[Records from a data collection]
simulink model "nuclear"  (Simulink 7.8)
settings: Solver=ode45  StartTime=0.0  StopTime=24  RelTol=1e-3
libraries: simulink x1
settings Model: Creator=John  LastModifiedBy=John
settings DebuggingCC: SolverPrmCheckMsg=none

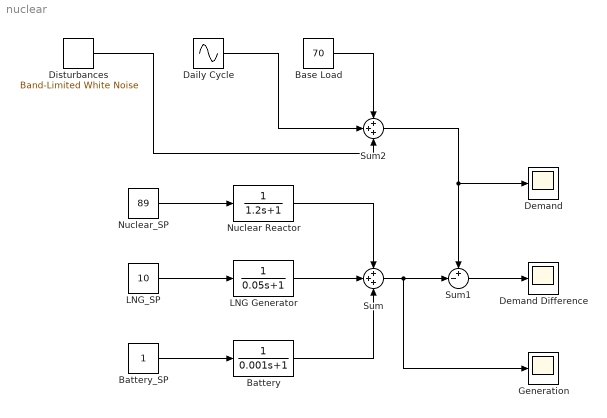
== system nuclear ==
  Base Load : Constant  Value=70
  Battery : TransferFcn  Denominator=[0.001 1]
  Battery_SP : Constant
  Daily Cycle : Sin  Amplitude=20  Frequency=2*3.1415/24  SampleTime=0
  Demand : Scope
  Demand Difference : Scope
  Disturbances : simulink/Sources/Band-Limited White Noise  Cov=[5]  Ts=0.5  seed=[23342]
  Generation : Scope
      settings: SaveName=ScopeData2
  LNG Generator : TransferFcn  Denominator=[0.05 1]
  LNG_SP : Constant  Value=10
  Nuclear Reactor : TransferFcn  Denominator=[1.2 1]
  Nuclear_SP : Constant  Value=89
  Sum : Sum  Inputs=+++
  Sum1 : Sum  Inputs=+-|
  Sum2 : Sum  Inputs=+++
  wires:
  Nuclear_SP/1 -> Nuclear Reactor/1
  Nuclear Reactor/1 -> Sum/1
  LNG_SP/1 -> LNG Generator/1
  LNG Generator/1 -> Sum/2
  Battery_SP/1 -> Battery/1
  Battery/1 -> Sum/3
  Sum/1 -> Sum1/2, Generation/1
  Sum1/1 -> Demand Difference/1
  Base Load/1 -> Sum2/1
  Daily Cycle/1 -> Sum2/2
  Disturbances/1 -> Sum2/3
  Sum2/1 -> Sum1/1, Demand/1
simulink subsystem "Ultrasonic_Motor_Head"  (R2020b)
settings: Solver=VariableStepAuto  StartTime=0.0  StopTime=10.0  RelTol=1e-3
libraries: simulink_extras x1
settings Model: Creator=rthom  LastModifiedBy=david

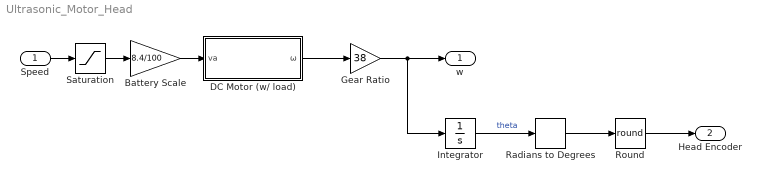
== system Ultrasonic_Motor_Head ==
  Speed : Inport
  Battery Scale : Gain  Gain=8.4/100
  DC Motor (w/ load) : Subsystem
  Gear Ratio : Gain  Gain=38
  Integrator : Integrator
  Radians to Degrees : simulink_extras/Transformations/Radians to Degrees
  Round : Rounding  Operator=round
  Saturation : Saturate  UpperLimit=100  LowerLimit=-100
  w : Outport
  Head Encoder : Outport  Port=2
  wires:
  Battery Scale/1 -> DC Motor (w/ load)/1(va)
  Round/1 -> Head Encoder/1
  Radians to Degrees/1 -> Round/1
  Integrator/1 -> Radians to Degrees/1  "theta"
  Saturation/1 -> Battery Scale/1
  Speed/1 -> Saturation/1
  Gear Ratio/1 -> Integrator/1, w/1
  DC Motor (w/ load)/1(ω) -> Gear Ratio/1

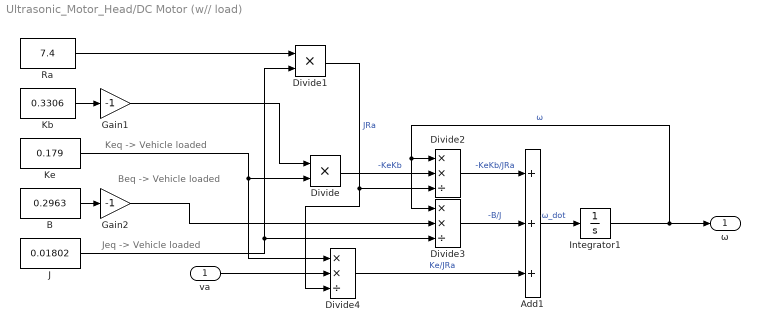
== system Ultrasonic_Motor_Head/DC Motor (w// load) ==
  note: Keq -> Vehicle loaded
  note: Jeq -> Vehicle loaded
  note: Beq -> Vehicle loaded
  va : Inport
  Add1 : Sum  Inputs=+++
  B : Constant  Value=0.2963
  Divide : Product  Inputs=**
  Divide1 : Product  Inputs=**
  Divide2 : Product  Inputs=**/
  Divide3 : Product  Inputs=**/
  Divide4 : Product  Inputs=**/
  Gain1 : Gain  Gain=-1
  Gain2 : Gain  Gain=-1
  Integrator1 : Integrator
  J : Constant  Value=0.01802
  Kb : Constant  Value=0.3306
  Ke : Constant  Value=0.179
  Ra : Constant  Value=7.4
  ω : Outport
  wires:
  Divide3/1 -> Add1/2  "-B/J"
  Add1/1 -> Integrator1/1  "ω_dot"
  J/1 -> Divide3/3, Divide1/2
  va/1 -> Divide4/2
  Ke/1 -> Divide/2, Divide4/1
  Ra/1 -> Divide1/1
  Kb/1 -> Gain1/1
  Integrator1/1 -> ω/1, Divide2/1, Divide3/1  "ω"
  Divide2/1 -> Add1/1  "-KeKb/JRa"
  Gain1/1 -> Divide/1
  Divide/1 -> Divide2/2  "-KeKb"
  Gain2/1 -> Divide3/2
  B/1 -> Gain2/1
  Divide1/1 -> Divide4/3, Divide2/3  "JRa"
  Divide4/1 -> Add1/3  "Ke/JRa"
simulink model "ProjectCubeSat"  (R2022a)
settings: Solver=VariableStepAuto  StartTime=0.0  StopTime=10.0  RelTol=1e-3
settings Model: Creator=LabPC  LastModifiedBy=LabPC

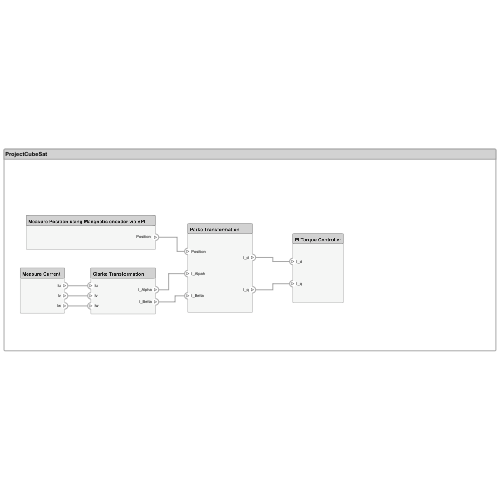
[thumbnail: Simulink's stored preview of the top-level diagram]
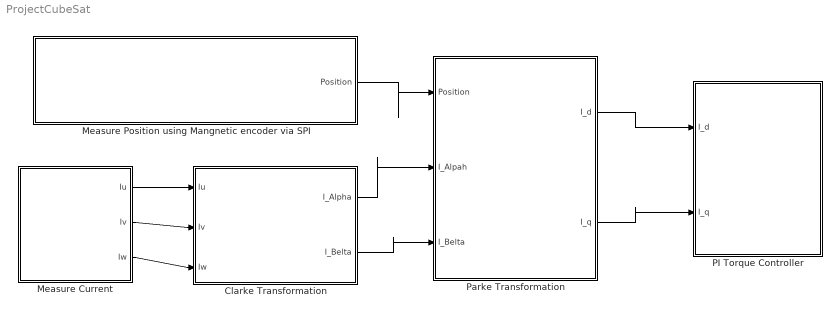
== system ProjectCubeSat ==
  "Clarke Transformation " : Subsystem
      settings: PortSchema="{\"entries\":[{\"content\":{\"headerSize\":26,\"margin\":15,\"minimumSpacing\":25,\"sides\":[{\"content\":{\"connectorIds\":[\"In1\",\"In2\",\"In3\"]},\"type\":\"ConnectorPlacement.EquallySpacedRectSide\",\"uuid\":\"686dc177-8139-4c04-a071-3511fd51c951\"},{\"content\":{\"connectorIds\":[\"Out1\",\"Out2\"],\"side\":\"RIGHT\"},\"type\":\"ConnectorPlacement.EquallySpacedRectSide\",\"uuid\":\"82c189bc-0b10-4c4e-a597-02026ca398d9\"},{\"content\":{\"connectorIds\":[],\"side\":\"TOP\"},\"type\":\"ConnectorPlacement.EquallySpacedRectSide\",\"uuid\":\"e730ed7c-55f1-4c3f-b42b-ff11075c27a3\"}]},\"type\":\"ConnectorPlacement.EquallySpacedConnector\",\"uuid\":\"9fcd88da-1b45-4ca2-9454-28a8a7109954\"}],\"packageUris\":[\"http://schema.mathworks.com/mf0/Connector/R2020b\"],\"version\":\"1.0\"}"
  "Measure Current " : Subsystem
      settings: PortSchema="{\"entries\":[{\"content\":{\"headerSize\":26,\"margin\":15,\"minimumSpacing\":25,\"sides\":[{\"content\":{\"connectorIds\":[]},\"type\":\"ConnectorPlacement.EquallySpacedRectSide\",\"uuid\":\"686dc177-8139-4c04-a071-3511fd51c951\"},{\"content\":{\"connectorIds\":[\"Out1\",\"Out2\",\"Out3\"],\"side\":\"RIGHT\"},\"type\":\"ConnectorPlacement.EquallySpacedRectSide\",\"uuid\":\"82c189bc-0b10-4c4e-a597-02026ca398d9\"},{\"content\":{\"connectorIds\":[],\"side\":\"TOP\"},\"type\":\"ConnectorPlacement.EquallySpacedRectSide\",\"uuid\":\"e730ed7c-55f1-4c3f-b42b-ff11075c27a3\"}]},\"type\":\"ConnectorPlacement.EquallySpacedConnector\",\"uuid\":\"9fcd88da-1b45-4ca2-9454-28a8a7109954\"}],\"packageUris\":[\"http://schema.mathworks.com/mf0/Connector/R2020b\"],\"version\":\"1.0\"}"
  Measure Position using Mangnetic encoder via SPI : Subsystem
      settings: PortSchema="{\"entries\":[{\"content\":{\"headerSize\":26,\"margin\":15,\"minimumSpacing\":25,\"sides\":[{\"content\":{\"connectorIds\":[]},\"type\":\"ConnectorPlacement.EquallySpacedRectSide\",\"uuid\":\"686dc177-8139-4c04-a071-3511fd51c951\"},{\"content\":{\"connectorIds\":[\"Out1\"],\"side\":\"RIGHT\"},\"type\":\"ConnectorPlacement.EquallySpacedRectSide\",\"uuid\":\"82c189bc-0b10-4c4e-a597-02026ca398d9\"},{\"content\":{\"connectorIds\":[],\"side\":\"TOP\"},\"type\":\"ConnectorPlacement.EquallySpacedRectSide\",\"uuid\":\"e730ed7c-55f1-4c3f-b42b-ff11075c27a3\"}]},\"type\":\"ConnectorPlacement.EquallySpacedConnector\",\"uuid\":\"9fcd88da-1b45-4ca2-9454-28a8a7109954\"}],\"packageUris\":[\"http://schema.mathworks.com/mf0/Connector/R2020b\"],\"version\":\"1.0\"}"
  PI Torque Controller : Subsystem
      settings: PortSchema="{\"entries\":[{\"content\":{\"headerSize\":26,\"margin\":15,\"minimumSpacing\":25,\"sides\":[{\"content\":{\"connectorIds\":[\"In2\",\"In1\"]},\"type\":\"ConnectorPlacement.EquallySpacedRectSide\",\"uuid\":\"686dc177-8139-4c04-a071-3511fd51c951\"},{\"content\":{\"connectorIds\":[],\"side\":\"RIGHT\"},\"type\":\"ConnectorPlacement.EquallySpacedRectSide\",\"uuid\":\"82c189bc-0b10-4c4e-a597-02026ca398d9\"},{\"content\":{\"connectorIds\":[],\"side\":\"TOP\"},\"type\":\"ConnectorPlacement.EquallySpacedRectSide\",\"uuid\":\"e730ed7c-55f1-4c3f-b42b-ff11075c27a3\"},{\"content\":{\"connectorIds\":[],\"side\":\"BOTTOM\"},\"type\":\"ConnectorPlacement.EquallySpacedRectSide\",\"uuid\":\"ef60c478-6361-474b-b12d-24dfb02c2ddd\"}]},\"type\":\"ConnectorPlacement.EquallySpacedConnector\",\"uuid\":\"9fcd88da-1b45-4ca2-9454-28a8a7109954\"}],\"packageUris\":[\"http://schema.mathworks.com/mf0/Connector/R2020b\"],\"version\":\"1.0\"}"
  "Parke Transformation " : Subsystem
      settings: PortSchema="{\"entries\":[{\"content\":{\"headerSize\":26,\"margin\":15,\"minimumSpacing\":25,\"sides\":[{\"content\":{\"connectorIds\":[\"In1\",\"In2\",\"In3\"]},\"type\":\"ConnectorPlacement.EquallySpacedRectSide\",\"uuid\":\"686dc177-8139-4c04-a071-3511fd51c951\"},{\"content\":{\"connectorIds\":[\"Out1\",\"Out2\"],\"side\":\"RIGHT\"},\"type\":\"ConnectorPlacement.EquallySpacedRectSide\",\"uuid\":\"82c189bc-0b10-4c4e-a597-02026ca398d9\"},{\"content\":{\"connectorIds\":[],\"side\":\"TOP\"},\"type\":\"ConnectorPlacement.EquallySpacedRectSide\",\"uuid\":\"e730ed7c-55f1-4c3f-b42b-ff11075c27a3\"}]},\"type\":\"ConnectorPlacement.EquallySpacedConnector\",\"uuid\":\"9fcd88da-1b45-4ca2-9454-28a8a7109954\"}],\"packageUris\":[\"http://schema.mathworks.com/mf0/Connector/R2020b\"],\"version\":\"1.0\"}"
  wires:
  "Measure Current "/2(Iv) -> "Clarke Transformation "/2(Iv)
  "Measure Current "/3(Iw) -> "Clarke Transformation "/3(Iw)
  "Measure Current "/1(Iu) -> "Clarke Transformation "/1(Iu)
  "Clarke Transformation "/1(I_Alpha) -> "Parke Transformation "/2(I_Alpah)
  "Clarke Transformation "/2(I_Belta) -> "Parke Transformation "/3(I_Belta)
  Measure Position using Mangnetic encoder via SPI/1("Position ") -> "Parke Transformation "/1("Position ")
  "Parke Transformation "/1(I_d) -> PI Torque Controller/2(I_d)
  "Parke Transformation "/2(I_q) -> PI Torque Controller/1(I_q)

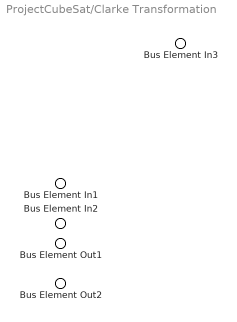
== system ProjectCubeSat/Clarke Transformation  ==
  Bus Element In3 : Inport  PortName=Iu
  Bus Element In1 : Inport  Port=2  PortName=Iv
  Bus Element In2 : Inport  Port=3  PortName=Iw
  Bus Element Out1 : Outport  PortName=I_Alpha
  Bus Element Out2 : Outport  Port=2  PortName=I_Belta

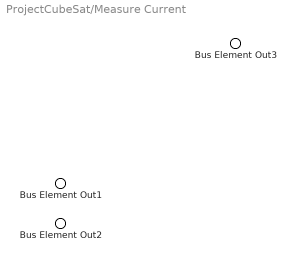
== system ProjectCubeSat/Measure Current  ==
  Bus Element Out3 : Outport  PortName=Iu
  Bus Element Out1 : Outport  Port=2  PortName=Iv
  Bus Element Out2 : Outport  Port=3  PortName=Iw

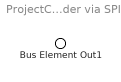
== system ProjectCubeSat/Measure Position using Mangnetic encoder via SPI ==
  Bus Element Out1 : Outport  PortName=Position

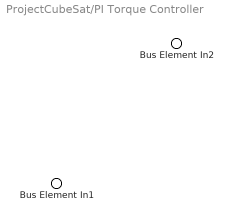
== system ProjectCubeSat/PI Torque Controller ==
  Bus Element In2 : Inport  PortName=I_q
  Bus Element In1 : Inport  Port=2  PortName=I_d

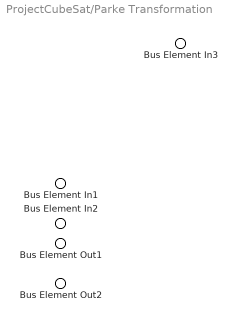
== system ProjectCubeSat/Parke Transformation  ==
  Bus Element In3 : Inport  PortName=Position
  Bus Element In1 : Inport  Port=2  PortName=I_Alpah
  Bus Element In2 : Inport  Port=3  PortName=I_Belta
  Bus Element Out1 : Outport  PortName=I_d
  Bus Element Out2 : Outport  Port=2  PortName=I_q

- DIRECTIONS -
How many of the lines above include the word "Denominator"? Respond with the number alone.

- RESPONSE FOR THIS EXERCISE -
3